Floating the Chao Phraya River to Bangkok has been an important gateway to Asia for scores of old scribes over the years. Now, tourists can take a trip back in time, to a long-ago age of grandeur aboard a luxuriously-refitted rich barge

By Ron Gluckman / Bangkok

AS THE SETTING SUN SPITS FLAMES across the sky, a pair of cocktails appear with perfect timing on the table, alongside a platter of freshly-cut fruit. From our lofty perch on deck, we watch cascades of color swirl on the horizon, as golden shafts of light sweep the cabin, embossing the ship’s teak in radiant, bronze hues.

We are entering Bangkok by river, the route taken by millions of visitors before us, bobbing aboard a wooden rice barge, but unlike any prowling the grand Chao Phraya for centuries - if ever. Rice traders and rogues, poets, princes, authors and European adventurers have all followed these same flows into the ancient, alluring kingdom of Siam. Few have traveled in such style.

Once a mere rice barge like scores more that carried the bounty of the Central plains to the capital, our magnificently restored vessel is fit to serve royalty on the River of Kings. Fortunately for us, the Manohra Song also accommodates commoners, including several wide-eyed romantics who are enthusiastically reliving one of the East’s great excursions.

Adventure was our intention at the outset. We had been inspired by the great sages. "A puff of wind, a puff faint and tepid and laden with strange odors of blossoms, of aromatic wood, comes out the still night—the first sigh of the East on my face. That I can never forget. It was impalpable and enslaving, like a charm, like a whispered promise of mysterious delight." So wrote Joseph Conrad, arriving in Asia by boat for the first time. Countless other scribes, from Somerset Maugham to Graham Greene, repeated the same journey. The Chao Phraya introduced them all to Asia’s exotic sights and smells, and the delirious dispatches these writers sent home influenced untold others to repeat the expedition.

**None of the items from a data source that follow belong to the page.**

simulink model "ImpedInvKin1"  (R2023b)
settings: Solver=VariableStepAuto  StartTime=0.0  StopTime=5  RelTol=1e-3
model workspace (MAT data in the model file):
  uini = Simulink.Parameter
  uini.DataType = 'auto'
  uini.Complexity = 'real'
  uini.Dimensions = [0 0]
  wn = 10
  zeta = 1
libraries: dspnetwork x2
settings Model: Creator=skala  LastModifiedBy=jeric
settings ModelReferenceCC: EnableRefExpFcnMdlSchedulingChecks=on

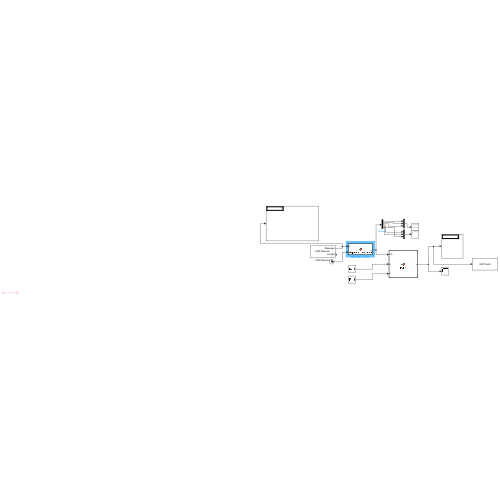
[thumbnail: Simulink's stored preview of the top-level diagram]
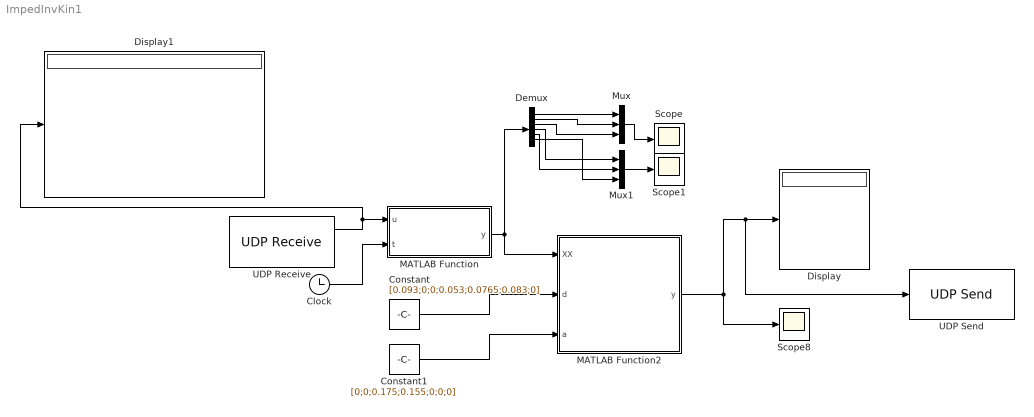
== system ImpedInvKin1 ==
  Clock : Clock
  Constant : Constant  Value=[0.093;0;0;0.053;0.0765;0.083;0]
  Constant1 : Constant  Value=[0;0;0.175;0.155;0;0;0]
  Demux : Demux  Outputs=6
  Display : Display
  Display1 : Display
  MATLAB Function : MATLAB Function  TreatAsAtomicUnit=on
  MATLAB Function2 : MATLAB Function  TreatAsAtomicUnit=on
  Mux : Mux  Inputs=3
  Mux1 : Mux  Inputs=3
  Scope : Scope
  Scope1 : Scope
  Scope8 : Scope
  UDP Receive : dspnetwork/UDP Receive  localURL='0.0.0.0'  localPort=25566  remoteURL='127.0.0.1'  remotePort=-1  recvBufferSize=2500  dims=24  signalDatatype=double  isComplex=off  isVarSize=off  showBlockingTime=off  blockingTime=0  sampletime=.0001  blockPlatform=[]
      settings: LibrarySourceBlock=dspsrcs4/UDP Receive
  UDP Send : dspnetwork/UDP Send  remoteURL='127.0.0.1'  remotePort=25565  localURL='0.0.0.0'  localPortSource=Automatically determine  localPort=-1  sendBufferSize=8192  sampletime=-1  blockPlatform=[]  separateLengthPort=0
      settings: LibrarySourceBlock=dspsnks4/UDP Send
  wires:
  MATLAB Function2/1(y) -> Display/1, UDP Send/1, Scope8/1
  ? -> ?
  UDP Receive/1 -> MATLAB Function/1(u), Display1/1
  Constant/1 -> MATLAB Function2/2(d)
  Constant1/1 -> MATLAB Function2/3(a)
  MATLAB Function/1(y) -> Demux/1, MATLAB Function2/1(XX)
  Demux/1 -> Mux/1
  Demux/2 -> Mux/2
  Demux/3 -> Mux/3
  Demux/4 -> Mux1/1
  Demux/5 -> Mux1/2
  Demux/6 -> Mux1/3
  Mux/1 -> Scope/1
  Mux1/1 -> Scope1/1
  Clock/1 -> MATLAB Function/2(t)

== matlab function ImpedInvKin1/MATLAB Function2 ==
  data: y output; XX input; d input; a input
function y= invkin(XX, d, a)
gamma=XX(1);beta=XX(2); alp=XX(3);
P=XX(4:6);
ROTg=[1 0 0; 0 cos(gamma) -sin(gamma); 0 sin(gamma) cos(gamma)];
ROTb=[cos(beta) 0 sin(beta); 0 1 0; -sin(beta) 0 cos(beta)];
ROTa=[cos(alp) -sin(alp) 0; sin(alp) cos(alp) 0; 0 0 1];
ROT=ROTa*ROTb*ROTg;
T07=[ROT P; 0 0 0 1];
d6=d(6); d4=d(4);
P6=T07(1:3,4);
k6=T07(1:3,3); m6=T07(1:3,1);
P5=P6-d6*k6;
x5=P5(1); y5=P5(2); 
mag5=sqrt(x5^2+y5^2);
theta1b=asin(d4/mag5)+atan2(y5,x5);
%%% ALTERNATIVE
%K1b=-y5; K2b=x5; K3b=d4;
%Topb=sqrt((K2b^2+K1b^2-K3b^2));
%Topb=sqrt((K2b^2+K1b^2-K3b^2));
%theta1b=2*atan((K2b-Topb)/(K3b+K1b));
%%%
r0=[sin(theta1b);-cos(theta1b);0];
u56=cross(r0,k6); u56m=sqrt(u56(1)^2+u56(2)^2+u56(3)^2);
v56m=dot(r0,k6);
theta5=atan2(u56m,v56m);
%%%%
%theta2i=ini(2); theta3i=ini(3); theta4i=ini(4);
%phi=theta2i+theta3i+theta4i-pi/2;
%%%% Calculation of phi
r1=[cos(theta1b);sin(theta1b);0];
k5=cross(r0,k6);
r11=cross(r1,k5); 
r12=dot(r1,k5);
mag11=sqrt(r11(1)^2+r11(2)^2+r11(3)^2);
phi=atan2(mag11,r12);
phi=acos(r12);
%%
a2=a(3); a3=a(4); d5=d(5); d1=d(1);
P5p=P5-d4*r0;
z5p=P5p(3); x5p=P5p(1); y5p=P5p(2);
xb=sqrt(x5p^2+y5p^2);
h=z5p-d1;
K1=2*a2*xb-2*a2*d5*cos(phi);
K2=2*a2*h-2*a2*d5*sin(phi);
K3=xb^2+h^2+a2^2+d5^2-a3^2-2*d5*h*sin(phi)-2*d5*xb*cos(phi);
Top=sqrt((K2^2+K1^2-K3^2));
theta2=2*atan((K2-Top)/(K3+K1));
%%%
K4=xb-a2*cos(theta2)-d5*cos(phi);
K5=a3*cos(theta2);
K6=a3*sin(theta2);
Top2=sqrt(K6^2+K5^2-K4^2);
theta3=2*atan((-K6+Top2)/(K4+K5));
theta4=phi-theta2-theta3+pi/2;
%%%
k5=[cos(phi)*cos(theta1b);cos(phi)*sin(theta1b);sin(phi)];
m5=cross(k6,k5);
%m6=T07(1:3,1);
xx=dot(m5,m6);
yyv=cross(m5,m6);
yy=sqrt(yyv(1)^2+yyv(2)^2+yyv(3)^2);
theta6a=atan2(yy,xx);
%theta6b=acos(xx);
%theta6=asin(yy);

y = [theta1b;theta2;theta3;theta4;theta5;theta6a]*180/pi;

== matlab function ImpedInvKin1/MATLAB Function ==
  data: u input; y output; t input
function y = TrajectoryGeneration(u, t)

tf = 5;
t0 = 0;

endEffector = u(16:21);
target = u(10:15);

A = [t0^5,   t0^4,    t0^3,    t0^2, t0, 1;
    5*t0^4,  4*t0^3,  3*t0^2,  2*t0, 1,  0;
    20*t0^3, 12*t0^2, 6*t0,    2,    0,  0;
    tf^5,    tf^4,    tf^3,    tf^2, tf, 1;
    5*tf^4,  4*tf^3,  3*tf^2,  2*tf, 1,  0;
    20*tf^3, 12*tf^2, 6*tf,    2,    0,  0;];

row1 = endEffector(1:6)';
row2 = target(1:6)';
B = [row1;
     0 0 0 0 0 0;
     0 0 0 0 0 0;
     row2;
     0 0 0 0 0 0;
     0 0 0 0 0 0;];

C = A \ B;

r = [t^5, t^4, t^3, t^2, t, 1];
position = [dot(r, C(1:6, 1));
            dot(r, C(1:6, 2));
            dot(r, C(1:6, 3));];

rotation = [dot(r, C(1:6, 4));
            dot(r, C(1:6, 5));
            dot(r, C(1:6, 6));];

y = [rotation; position];
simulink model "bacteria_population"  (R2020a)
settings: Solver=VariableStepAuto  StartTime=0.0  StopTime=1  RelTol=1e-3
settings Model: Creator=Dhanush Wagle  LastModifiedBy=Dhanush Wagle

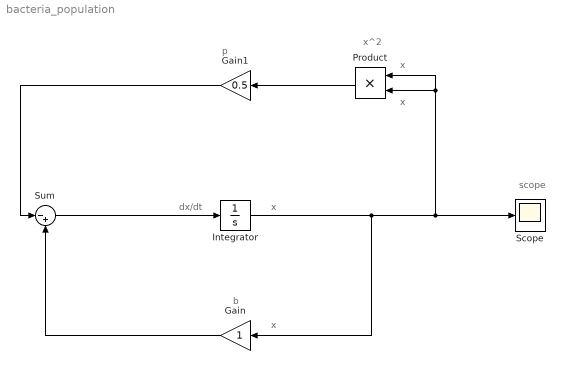
== system bacteria_population ==
  note: scope
  note: x^2
  note: dx/dt
  note: x
  note: p
  note: b
  note: x
  note: x
  note: x
  Gain : Gain
  Gain1 : Gain  Gain=0.5
  Integrator : Integrator  InitialCondition=100
  Product : Product
  Scope : Scope
  Sum : Sum  Inputs=|-+
  wires:
  Integrator/1 -> Gain/1, Product/1, Product/2, Scope/1
  Gain/1 -> Sum/2
  Gain1/1 -> Sum/1
  Sum/1 -> Integrator/1
  Product/1 -> Gain1/1

So, we are in fine company on our float trip to Bangkok, but we are hardly roughing it. Besides cocktails on the custom-furnished wooden deck, adorned in silk fabrics, statues and local crafts, we are served fine wines, then dine on exquisite Thai cuisine, prepared fresh by our own master chef. By day, we watch the mesmerizing bustle of Bangkok’s waterway: boats of every size and measure of seaworthiness, from packed commuter ferries and tiny vegetable vender boats heaped high with colorful produce, darting in and out of almost invisible canals, to long convoys of the same enormous metal hulks that have all but eradicated from the river the charming old wooden rice barges like our own that were once a mainstay of this exotic aquatic highway.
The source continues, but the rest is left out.